In 1976, N. G. Alexandropoulos of rice university in the United States introduced a new type x-ray image intensifier in "Nucl. Instrum. and Methods (Netherlands)" Vol. 137, issue 1, P. 49. The said x-ray intensifier is a test prototype of a proximity focus x-ray image intensifier in which an x-ray photocathode (aluminum, CsI, etc.) is used to convert x-ray directly into photoelectrons and a channel electron multiplier matrix is used to multiply the photoelectrons. In 1979, J. E. Bateman and R. J. Apsimon introduced a CsI x-ray photocathode and a prototype of a double-proximity focus x-ray image intensifier formed by a cathode and MCP in "Advances in Electronics and Electron Physics" Vol. 52, PP. 189-200 (1979). The thickness of the said photocathode equals to the thickness of a 5 .mu.m aluminum foil plus the thickness of 200-500 .mu.m porous CsI layer (.rho.=0.18 gm.sup.-1 cc). The said photocathode can be used to convert x-ray directly into photoelectron and therefore can be used to replace the x-ray converting screen/photocathode combination, as a result, both resolution and sensitivity of the image intensifier are improved. The CsI of such a structure has higher quantum efficiency in dealing with soft x-ray (below 10 kev) than with medical x-ray (energy being 30-100 kev).
In 1987, Tan Kaisheng developed an improved CsI x-ray photocathode as published in "Journal of Electronics of China." The said photocathode is comprised of high/low/high density CsI and has a quantum efficiency as high as 1 to 10 times of that of the high density CsI cathode. In dealing with x-ray below 10 kev, its quantum efficiency is almost the same as the low density one. Moreover the energy of the photoelectrons distributs more concentrically and the spatial resolution is increased. Chinese patent No. 91227072.1 introduced another type of x-ray image intensifier that includes a ceramic envelope, a photocathode comprised of high/low/high density CsI, MCP and a fluorescent screen. By means of this technology, the quantum efficiency of the x-ray photocathode is increased, toughness and spatial resolution of the image intensifier are improved, and the effective area of the image intensifier is enlarged.
U.S. Pat. No. 5,225,670 introduced a similar technology as mentioned above. The x-ray photocathode is of high/low density CsI structure where the density of the low density CsI layer becomes lower and lower from the high density layer to the vacuum.

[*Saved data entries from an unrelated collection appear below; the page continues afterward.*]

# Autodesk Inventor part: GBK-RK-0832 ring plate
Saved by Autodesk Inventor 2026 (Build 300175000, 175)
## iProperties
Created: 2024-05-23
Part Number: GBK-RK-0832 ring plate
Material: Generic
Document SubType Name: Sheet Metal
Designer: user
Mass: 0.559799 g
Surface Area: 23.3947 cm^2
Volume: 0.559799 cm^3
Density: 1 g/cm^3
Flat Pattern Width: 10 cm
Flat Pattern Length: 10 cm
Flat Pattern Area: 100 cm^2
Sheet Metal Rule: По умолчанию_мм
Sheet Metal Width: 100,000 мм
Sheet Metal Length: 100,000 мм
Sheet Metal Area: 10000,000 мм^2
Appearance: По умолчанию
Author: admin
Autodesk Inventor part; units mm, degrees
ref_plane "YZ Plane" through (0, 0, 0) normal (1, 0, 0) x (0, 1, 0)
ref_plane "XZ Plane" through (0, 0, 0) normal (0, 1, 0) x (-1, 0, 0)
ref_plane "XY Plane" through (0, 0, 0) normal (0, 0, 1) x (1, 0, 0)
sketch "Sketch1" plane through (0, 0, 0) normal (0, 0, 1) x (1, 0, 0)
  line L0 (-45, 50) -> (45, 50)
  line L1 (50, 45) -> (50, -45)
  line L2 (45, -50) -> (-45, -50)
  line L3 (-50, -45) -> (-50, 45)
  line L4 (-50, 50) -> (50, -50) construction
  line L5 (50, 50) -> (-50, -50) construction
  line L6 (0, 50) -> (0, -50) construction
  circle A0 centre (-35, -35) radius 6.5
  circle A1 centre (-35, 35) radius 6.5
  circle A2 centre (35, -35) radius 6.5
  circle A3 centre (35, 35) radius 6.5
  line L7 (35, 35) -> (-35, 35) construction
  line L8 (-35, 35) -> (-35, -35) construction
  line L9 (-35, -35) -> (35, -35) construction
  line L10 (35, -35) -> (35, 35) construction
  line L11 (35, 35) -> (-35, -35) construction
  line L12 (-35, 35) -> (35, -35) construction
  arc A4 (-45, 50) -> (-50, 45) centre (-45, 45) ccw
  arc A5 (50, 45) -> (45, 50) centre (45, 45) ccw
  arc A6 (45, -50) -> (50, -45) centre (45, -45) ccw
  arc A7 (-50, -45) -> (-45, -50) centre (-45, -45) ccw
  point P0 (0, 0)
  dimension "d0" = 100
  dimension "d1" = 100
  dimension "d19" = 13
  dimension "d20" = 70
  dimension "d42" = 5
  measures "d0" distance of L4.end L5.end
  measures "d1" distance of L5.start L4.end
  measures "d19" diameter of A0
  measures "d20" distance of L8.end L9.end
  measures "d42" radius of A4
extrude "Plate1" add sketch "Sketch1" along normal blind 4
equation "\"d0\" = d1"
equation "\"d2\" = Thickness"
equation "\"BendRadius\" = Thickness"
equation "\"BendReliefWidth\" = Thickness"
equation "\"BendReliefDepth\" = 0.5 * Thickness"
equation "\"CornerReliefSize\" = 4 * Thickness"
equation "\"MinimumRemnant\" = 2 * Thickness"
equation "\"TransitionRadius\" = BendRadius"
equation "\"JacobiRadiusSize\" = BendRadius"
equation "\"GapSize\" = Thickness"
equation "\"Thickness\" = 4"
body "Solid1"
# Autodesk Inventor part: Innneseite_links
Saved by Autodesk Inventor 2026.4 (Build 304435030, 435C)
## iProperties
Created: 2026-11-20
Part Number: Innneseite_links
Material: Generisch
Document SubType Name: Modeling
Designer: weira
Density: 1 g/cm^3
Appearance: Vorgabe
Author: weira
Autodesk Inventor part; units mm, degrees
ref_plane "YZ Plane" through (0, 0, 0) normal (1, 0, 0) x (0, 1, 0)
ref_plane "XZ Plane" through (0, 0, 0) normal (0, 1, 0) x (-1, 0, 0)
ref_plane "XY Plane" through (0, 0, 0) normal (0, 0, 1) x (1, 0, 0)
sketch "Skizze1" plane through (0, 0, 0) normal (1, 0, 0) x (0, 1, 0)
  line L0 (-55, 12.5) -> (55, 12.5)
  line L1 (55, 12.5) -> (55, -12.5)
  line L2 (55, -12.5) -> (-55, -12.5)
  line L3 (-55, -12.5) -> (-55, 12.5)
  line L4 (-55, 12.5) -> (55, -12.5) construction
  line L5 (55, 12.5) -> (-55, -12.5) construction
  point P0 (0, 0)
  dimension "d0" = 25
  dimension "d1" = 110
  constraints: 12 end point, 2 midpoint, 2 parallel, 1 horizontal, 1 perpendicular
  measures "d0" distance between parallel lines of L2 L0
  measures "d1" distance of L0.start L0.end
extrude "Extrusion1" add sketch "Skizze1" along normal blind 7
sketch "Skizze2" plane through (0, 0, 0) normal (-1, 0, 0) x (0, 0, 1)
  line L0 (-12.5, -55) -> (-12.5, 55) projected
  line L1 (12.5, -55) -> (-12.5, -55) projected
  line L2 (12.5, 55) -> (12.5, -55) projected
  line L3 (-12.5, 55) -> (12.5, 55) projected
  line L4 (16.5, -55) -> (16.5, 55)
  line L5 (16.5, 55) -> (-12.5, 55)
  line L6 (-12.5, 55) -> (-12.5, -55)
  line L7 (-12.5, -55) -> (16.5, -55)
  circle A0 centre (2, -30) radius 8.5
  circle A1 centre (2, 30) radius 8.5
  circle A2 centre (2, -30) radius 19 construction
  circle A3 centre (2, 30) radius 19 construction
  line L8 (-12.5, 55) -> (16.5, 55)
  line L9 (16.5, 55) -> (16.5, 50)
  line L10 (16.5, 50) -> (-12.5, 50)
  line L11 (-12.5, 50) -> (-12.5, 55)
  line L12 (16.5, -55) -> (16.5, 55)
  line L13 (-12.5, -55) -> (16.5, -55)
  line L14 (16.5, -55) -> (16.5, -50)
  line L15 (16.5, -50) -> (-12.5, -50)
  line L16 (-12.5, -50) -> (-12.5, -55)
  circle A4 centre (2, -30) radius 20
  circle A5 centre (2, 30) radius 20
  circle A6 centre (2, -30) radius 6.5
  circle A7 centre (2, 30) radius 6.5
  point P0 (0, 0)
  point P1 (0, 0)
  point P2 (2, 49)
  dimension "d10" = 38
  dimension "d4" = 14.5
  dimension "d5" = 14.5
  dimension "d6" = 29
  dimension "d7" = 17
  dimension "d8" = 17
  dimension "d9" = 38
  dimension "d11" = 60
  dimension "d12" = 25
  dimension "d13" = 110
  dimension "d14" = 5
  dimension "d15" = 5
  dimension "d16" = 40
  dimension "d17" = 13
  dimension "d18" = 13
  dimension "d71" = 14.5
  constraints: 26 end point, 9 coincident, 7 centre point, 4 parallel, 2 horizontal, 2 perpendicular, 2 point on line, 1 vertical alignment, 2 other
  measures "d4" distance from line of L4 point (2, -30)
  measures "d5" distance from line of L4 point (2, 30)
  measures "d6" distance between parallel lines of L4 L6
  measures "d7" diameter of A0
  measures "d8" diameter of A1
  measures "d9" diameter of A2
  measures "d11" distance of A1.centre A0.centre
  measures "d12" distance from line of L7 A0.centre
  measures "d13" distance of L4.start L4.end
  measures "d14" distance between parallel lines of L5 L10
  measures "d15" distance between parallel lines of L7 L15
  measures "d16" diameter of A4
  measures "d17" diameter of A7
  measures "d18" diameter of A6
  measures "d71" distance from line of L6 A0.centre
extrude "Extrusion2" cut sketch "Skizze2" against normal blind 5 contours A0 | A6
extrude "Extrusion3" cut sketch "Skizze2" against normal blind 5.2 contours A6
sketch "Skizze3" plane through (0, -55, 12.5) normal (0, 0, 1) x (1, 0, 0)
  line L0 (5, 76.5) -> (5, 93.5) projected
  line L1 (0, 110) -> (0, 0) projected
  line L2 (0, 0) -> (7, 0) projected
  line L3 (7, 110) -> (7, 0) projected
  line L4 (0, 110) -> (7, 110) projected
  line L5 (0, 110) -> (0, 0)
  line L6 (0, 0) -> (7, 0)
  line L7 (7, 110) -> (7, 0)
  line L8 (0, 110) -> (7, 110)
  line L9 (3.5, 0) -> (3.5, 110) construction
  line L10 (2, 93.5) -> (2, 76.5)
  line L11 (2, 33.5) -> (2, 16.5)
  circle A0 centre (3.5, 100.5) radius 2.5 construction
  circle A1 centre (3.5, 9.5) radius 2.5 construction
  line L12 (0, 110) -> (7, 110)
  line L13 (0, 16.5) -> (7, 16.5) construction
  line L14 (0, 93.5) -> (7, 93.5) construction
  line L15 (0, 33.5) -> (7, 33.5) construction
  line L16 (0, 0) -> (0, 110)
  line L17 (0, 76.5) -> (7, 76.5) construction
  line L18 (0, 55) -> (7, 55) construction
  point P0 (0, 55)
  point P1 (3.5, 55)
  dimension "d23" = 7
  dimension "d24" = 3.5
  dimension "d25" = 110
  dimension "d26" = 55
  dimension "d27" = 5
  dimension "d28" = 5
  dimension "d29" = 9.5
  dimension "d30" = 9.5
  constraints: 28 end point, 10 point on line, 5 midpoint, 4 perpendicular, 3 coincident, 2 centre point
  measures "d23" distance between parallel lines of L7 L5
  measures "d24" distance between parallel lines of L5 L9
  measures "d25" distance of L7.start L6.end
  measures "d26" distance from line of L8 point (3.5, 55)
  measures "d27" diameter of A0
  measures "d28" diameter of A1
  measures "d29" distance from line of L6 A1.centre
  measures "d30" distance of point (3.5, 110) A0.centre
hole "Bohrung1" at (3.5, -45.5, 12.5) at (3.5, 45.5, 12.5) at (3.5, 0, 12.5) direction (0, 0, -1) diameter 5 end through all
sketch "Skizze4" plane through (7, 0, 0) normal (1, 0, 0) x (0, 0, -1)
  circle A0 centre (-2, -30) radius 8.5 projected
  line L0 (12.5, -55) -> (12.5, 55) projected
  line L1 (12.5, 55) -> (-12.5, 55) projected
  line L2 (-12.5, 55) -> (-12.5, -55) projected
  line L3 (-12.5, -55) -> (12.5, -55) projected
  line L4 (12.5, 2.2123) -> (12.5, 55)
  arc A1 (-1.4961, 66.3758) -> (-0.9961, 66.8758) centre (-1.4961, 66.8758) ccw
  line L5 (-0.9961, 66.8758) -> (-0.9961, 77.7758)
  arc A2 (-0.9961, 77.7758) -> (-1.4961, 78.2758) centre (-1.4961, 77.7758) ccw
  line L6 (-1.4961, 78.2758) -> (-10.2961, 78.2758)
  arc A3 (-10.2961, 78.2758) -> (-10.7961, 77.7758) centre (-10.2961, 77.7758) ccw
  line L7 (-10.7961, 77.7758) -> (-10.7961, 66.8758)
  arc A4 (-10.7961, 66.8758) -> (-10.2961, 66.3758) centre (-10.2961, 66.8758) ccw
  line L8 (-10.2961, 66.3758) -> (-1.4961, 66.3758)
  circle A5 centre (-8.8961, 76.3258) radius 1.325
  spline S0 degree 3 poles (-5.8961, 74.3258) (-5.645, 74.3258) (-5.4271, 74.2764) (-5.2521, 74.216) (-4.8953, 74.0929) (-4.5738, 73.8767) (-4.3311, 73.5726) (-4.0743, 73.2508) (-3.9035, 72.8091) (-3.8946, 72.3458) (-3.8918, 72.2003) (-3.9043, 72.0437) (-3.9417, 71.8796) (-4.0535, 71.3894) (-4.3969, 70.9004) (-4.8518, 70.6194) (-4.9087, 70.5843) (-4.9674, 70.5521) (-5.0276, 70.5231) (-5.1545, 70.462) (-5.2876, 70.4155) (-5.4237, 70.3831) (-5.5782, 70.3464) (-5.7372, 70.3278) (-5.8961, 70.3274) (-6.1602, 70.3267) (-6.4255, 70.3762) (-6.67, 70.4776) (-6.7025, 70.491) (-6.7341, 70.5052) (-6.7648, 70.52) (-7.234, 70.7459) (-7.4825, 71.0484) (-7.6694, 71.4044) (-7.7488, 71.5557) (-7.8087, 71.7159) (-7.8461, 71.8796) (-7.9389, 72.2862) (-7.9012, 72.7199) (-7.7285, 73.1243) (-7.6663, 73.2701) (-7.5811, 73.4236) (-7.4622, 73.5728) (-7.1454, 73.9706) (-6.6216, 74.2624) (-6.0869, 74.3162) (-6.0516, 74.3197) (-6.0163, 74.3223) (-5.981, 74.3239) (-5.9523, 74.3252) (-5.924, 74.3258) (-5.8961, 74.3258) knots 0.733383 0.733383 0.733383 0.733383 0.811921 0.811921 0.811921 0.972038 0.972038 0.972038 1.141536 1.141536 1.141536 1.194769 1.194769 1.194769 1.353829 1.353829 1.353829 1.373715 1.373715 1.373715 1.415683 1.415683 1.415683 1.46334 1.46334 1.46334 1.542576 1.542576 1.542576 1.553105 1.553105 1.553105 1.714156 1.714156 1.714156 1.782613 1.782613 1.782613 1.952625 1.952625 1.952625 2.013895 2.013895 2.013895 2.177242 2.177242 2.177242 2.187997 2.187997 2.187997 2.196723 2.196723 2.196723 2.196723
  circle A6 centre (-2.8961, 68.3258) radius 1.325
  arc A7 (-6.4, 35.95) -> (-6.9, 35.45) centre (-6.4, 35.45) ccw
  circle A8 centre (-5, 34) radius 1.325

The patent claims that this structure can increase the quantum efficiency of the cathode, however, the rough surface of the porous structure may cause electric discharge and CsI particles come-off.
In the above-mentioned photocathodes which convert x-ray directly into photoelectrons, thick cathode and porous CsI are used for higher quantum efficiency, the photoelectrons generated by the x-ray move random within the CsI layer because of scattering and dispersion, resulting in the deterioration of both spatial and time resolutions.